> _Problem statement_:
All pictures should be dropped, and only the lines from the top of the entries below through the line containing "doc.layers.add(name, color=color, linetype=linetype)" repeated exactly, both ends included.

> _Information given_:
■ ■ ■ ■ ■

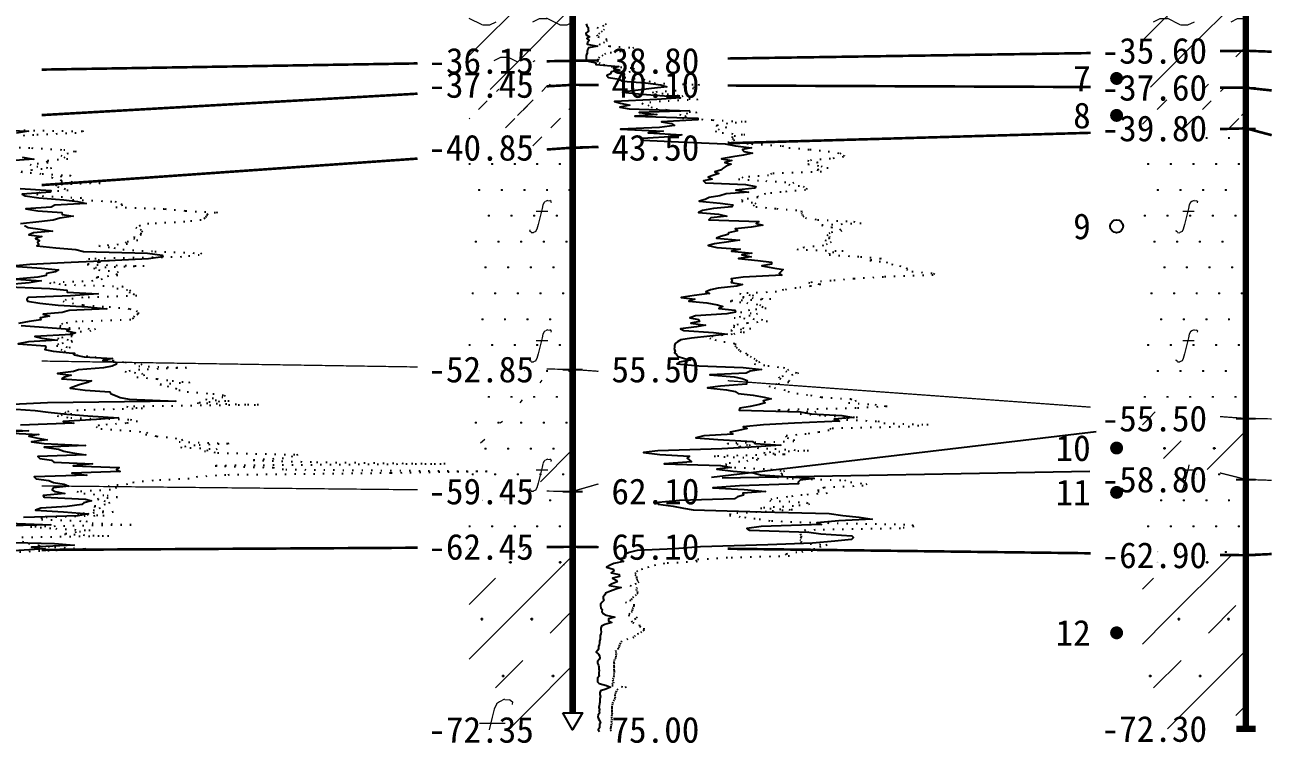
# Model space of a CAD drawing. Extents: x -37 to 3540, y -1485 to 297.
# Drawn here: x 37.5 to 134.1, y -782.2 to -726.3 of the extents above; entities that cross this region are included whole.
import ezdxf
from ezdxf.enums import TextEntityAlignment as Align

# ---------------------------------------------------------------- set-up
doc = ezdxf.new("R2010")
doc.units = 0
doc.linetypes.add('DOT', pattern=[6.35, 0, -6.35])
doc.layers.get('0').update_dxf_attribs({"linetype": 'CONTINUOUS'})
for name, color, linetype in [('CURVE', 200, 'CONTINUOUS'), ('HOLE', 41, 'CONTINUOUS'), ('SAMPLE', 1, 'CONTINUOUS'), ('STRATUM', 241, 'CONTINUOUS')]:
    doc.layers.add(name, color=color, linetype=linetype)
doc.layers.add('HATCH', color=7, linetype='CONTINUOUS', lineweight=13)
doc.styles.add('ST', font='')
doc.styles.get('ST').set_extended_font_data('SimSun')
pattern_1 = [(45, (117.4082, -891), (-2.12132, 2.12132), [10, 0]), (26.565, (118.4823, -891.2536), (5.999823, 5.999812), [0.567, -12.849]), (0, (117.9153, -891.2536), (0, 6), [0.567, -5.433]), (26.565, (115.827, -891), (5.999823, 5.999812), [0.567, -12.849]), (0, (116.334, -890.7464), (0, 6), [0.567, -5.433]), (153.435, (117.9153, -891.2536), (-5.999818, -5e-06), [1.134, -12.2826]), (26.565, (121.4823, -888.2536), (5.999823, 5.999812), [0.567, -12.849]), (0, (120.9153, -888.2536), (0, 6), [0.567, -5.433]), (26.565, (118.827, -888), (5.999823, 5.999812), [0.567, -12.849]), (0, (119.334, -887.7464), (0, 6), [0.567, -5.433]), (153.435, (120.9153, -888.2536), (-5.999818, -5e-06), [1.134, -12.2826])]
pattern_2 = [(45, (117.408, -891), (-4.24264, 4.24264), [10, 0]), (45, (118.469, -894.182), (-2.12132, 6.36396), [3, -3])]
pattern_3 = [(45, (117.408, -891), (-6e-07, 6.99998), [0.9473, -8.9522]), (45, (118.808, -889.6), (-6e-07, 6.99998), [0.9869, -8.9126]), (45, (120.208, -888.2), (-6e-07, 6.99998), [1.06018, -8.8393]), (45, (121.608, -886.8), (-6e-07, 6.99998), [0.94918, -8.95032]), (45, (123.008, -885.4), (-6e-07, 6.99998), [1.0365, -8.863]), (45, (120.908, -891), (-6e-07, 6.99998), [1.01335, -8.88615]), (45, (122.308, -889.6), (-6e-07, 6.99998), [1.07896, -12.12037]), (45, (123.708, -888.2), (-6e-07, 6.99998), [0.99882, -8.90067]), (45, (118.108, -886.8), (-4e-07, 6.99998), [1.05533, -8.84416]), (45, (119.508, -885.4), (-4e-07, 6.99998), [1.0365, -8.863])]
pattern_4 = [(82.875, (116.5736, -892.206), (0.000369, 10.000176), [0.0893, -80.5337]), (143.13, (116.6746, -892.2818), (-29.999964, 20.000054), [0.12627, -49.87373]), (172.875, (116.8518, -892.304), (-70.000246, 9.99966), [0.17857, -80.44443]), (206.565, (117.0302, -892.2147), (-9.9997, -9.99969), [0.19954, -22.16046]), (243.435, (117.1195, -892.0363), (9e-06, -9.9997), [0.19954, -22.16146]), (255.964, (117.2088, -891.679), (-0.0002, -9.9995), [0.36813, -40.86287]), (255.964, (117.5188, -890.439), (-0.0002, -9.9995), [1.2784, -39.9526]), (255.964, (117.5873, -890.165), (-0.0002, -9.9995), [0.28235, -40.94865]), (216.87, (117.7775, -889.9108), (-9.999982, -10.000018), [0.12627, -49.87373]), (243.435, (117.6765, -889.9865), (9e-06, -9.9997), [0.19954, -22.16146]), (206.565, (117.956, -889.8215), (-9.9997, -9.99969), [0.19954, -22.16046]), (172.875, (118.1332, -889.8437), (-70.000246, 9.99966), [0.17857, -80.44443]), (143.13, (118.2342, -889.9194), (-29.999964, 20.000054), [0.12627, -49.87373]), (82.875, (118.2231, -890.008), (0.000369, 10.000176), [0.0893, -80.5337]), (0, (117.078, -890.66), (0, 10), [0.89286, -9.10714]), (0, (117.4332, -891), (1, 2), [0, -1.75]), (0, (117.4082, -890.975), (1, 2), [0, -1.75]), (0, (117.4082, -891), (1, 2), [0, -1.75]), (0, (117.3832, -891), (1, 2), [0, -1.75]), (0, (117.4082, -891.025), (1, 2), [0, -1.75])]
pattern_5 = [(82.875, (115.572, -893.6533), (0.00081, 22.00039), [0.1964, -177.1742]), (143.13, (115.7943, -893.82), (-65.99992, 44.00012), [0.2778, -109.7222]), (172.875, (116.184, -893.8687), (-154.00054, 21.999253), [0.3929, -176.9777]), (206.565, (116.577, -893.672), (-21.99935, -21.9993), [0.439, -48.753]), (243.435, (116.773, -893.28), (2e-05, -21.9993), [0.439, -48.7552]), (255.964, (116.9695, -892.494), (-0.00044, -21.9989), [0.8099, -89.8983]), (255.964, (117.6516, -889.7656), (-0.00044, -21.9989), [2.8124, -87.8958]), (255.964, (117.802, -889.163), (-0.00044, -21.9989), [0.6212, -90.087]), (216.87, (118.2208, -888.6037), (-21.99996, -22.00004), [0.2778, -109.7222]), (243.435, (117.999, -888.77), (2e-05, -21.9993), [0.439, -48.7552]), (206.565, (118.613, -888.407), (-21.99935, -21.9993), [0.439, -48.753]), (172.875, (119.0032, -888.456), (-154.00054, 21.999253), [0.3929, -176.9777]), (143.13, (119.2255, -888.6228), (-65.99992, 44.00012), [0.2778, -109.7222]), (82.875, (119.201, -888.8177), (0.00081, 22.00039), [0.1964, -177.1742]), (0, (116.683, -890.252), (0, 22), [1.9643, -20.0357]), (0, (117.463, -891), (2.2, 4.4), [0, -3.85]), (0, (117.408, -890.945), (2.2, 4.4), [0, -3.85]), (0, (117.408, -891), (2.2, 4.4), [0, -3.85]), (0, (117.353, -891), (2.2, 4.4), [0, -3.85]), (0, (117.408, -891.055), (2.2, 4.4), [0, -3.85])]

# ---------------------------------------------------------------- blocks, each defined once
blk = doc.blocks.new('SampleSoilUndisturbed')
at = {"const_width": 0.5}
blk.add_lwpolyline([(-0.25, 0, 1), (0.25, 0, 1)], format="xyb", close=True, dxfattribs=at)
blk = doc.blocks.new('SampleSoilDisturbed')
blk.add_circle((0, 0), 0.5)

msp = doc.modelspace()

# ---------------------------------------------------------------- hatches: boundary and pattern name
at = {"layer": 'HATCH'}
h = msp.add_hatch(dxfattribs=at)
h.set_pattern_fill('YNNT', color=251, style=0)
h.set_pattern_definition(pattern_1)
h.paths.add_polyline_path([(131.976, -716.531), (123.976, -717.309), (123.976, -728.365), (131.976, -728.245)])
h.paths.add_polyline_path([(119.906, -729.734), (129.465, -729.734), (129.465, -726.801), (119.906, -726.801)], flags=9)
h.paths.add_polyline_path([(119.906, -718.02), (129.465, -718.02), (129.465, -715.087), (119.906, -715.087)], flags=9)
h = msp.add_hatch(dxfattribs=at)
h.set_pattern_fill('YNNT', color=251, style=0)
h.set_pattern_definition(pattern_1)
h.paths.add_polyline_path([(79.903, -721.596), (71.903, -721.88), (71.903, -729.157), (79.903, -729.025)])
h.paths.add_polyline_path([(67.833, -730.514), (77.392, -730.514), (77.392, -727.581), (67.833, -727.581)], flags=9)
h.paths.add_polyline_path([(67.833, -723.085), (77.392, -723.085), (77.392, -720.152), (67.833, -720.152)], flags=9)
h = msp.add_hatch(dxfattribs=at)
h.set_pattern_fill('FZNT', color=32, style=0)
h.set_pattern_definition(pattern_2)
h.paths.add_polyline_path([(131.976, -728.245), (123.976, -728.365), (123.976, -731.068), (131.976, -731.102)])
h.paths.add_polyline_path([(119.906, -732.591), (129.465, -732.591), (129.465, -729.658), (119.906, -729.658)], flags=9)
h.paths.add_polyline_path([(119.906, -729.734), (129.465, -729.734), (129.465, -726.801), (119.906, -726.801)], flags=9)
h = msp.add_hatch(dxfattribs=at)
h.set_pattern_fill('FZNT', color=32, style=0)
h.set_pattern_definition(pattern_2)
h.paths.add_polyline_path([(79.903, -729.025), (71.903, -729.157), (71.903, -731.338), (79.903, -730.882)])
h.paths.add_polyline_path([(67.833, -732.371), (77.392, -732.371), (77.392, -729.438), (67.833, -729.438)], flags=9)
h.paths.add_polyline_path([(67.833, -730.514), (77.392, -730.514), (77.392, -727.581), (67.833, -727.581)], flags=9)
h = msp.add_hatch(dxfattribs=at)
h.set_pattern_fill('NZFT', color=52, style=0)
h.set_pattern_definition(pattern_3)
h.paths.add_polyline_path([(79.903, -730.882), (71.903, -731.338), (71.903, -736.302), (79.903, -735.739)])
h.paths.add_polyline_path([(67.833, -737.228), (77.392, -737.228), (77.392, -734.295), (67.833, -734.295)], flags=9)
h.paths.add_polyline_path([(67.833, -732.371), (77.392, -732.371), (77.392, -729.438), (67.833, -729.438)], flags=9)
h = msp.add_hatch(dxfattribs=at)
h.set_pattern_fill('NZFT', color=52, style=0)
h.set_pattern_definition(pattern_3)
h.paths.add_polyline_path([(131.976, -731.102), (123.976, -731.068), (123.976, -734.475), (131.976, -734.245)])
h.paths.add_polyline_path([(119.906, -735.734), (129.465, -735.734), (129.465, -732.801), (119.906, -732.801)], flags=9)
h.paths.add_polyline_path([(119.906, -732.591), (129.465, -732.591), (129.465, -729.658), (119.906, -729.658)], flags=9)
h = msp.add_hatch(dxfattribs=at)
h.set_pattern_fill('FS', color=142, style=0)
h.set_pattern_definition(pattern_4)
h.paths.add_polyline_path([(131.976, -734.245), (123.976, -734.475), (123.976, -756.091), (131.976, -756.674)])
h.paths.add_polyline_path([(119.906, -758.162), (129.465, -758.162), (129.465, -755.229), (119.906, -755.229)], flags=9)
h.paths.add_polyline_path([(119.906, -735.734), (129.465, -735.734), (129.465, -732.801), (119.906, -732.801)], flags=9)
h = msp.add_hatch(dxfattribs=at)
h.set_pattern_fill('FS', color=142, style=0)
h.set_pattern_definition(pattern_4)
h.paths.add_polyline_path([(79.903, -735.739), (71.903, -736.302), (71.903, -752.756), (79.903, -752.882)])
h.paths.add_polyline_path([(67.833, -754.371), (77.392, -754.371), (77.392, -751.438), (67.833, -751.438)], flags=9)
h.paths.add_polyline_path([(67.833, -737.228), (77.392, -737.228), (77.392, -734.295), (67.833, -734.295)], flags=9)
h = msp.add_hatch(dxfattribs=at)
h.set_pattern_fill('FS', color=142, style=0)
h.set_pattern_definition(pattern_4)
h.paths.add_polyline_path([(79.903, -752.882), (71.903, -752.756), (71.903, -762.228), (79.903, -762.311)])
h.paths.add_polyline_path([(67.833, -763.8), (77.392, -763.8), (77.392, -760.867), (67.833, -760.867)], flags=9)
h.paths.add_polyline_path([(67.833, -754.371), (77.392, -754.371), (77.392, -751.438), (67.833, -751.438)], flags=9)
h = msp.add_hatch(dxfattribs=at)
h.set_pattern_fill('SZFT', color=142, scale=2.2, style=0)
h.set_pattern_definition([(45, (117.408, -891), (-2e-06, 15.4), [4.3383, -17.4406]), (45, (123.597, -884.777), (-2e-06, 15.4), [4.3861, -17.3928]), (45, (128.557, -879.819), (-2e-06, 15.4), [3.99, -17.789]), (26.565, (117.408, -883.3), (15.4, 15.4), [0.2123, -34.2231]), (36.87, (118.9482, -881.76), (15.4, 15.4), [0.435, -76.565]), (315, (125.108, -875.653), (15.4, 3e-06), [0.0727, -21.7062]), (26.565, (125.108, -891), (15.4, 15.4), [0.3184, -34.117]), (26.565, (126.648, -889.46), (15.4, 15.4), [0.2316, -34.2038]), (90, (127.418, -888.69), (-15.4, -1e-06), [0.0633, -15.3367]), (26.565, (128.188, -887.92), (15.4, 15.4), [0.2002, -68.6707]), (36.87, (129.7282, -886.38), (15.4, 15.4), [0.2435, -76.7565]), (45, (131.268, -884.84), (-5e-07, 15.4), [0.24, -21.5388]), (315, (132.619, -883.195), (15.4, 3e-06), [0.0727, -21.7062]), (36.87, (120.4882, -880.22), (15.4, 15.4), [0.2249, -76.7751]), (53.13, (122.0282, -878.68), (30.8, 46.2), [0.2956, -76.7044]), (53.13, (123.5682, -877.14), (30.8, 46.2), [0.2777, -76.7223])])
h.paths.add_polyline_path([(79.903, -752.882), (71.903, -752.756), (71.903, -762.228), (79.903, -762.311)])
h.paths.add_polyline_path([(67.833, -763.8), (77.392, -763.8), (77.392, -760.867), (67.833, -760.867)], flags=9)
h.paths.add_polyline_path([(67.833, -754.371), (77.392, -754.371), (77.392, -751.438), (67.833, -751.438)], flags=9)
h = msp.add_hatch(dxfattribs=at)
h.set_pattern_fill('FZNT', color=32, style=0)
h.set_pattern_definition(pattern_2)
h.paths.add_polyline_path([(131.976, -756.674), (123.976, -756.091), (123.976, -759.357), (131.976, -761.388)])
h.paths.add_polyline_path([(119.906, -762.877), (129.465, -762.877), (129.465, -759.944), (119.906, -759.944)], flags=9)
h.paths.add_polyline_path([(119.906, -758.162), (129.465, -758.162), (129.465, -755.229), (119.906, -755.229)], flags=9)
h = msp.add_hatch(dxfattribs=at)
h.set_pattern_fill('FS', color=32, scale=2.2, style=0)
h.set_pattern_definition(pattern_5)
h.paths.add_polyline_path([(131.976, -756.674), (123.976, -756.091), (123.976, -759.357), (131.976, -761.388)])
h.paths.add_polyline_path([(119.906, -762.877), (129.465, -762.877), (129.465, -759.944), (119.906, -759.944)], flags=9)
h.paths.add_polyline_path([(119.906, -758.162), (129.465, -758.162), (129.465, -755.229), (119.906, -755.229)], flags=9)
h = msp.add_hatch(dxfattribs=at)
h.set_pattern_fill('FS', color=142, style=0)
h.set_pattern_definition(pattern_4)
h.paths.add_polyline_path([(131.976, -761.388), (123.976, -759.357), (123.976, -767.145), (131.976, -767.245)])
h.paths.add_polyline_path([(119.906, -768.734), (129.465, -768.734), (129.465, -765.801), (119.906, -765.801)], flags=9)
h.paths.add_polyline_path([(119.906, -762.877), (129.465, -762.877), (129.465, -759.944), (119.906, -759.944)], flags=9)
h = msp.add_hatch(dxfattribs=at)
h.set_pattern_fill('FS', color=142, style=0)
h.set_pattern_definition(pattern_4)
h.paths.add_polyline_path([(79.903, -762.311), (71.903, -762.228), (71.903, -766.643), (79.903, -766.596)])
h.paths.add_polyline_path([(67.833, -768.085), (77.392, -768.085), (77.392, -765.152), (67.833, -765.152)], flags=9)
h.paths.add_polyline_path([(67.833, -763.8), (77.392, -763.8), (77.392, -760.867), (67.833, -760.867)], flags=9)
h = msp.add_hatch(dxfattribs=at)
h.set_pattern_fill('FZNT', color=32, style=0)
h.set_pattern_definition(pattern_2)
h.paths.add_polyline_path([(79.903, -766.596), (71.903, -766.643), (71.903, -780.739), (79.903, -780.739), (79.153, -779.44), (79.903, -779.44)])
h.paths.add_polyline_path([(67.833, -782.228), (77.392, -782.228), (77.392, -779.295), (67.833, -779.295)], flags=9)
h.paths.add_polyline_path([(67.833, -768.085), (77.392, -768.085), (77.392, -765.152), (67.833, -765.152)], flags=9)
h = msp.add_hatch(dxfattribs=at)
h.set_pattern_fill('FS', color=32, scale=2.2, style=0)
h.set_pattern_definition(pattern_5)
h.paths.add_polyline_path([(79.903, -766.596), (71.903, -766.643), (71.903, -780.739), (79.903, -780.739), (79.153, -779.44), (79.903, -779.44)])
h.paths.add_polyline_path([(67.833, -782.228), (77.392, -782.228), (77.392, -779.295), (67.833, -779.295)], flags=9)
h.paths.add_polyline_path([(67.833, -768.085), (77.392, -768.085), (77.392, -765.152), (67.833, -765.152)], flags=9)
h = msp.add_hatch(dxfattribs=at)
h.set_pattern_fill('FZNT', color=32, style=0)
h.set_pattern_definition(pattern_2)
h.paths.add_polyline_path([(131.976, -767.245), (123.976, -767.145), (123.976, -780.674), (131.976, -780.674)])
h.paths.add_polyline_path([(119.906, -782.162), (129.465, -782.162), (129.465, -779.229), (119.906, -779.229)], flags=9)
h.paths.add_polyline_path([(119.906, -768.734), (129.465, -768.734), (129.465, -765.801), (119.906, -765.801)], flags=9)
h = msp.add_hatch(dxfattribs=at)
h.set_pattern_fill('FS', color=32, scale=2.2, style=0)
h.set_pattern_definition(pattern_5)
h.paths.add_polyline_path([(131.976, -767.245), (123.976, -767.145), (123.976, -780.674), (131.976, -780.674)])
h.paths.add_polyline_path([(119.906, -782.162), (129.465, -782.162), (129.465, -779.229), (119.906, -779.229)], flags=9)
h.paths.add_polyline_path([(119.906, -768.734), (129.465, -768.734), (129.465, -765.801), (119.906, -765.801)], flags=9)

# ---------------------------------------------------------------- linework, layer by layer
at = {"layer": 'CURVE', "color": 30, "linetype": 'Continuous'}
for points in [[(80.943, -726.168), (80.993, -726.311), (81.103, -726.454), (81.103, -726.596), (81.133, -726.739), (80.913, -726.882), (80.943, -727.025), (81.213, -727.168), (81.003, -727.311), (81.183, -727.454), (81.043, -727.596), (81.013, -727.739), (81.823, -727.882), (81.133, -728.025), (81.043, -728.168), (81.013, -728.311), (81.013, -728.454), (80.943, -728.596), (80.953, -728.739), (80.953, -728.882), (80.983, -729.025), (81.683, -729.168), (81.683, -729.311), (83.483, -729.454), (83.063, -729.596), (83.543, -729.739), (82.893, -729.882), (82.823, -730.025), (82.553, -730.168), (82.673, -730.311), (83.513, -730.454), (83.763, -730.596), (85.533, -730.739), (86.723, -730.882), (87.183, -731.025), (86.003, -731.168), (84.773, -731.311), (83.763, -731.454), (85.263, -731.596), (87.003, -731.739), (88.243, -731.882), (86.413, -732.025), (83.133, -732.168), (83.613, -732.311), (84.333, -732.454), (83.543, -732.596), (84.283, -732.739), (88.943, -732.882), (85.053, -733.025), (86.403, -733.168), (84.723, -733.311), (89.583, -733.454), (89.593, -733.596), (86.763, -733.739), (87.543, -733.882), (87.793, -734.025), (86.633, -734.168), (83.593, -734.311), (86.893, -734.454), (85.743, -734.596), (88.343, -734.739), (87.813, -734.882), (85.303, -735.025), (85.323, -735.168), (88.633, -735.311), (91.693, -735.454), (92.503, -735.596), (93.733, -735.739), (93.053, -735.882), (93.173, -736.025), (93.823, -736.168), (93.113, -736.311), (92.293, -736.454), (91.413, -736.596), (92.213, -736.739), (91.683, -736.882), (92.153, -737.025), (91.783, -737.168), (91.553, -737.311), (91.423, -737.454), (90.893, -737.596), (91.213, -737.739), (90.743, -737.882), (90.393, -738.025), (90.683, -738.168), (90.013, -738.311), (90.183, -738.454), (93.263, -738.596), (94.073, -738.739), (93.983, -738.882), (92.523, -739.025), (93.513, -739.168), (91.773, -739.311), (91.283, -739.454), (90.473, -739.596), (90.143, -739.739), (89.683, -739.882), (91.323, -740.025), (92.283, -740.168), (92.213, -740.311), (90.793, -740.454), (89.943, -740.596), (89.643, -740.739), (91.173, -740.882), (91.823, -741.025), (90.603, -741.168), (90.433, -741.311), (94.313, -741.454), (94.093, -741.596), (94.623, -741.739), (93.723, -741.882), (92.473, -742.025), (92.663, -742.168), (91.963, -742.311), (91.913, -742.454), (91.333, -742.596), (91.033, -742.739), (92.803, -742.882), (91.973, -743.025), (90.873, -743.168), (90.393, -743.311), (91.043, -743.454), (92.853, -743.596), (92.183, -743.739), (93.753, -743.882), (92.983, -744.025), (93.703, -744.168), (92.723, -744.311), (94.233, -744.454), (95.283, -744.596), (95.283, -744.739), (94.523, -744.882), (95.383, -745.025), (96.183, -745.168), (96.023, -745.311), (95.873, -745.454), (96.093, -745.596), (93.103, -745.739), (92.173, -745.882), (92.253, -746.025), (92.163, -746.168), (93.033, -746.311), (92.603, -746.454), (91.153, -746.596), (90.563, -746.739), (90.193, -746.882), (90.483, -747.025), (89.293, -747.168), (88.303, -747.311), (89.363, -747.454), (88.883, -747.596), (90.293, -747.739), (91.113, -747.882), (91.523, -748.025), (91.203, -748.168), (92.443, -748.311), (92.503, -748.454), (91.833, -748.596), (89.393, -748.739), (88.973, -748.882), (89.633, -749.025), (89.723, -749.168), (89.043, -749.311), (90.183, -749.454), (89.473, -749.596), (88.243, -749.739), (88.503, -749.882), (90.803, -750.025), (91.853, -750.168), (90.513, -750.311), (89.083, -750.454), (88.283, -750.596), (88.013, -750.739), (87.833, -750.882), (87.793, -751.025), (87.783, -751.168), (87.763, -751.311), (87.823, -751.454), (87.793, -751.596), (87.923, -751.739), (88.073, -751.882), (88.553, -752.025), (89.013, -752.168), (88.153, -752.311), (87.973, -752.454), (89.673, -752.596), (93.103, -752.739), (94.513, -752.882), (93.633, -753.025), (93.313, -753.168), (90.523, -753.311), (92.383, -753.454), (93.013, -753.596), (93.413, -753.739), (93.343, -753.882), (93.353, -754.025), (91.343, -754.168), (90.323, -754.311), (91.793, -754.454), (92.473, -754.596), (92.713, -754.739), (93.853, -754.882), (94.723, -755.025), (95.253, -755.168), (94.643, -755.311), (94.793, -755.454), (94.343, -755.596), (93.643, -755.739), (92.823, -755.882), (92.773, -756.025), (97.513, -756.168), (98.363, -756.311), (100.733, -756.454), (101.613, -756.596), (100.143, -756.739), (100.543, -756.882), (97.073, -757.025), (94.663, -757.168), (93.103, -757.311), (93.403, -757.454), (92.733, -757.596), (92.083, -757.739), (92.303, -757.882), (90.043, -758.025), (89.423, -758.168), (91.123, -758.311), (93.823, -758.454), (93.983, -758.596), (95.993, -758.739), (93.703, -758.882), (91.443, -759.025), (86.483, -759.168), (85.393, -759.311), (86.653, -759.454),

■ ■ ■ ■ ■

> _Solution_:
# Model space of a CAD drawing. Extents: x -37 to 3540, y -1485 to 297.
# Drawn here: x 37.5 to 134.1, y -782.2 to -726.3 of the extents above; entities that cross this region are included whole.
import ezdxf
from ezdxf.enums import TextEntityAlignment as Align

# ---------------------------------------------------------------- set-up
doc = ezdxf.new("R2010")
doc.units = 0
doc.linetypes.add('DOT', pattern=[6.35, 0, -6.35])
doc.layers.get('0').update_dxf_attribs({"linetype": 'CONTINUOUS'})
for name, color, linetype in [('CURVE', 200, 'CONTINUOUS'), ('HOLE', 41, 'CONTINUOUS'), ('SAMPLE', 1, 'CONTINUOUS'), ('STRATUM', 241, 'CONTINUOUS')]:
    doc.layers.add(name, color=color, linetype=linetype)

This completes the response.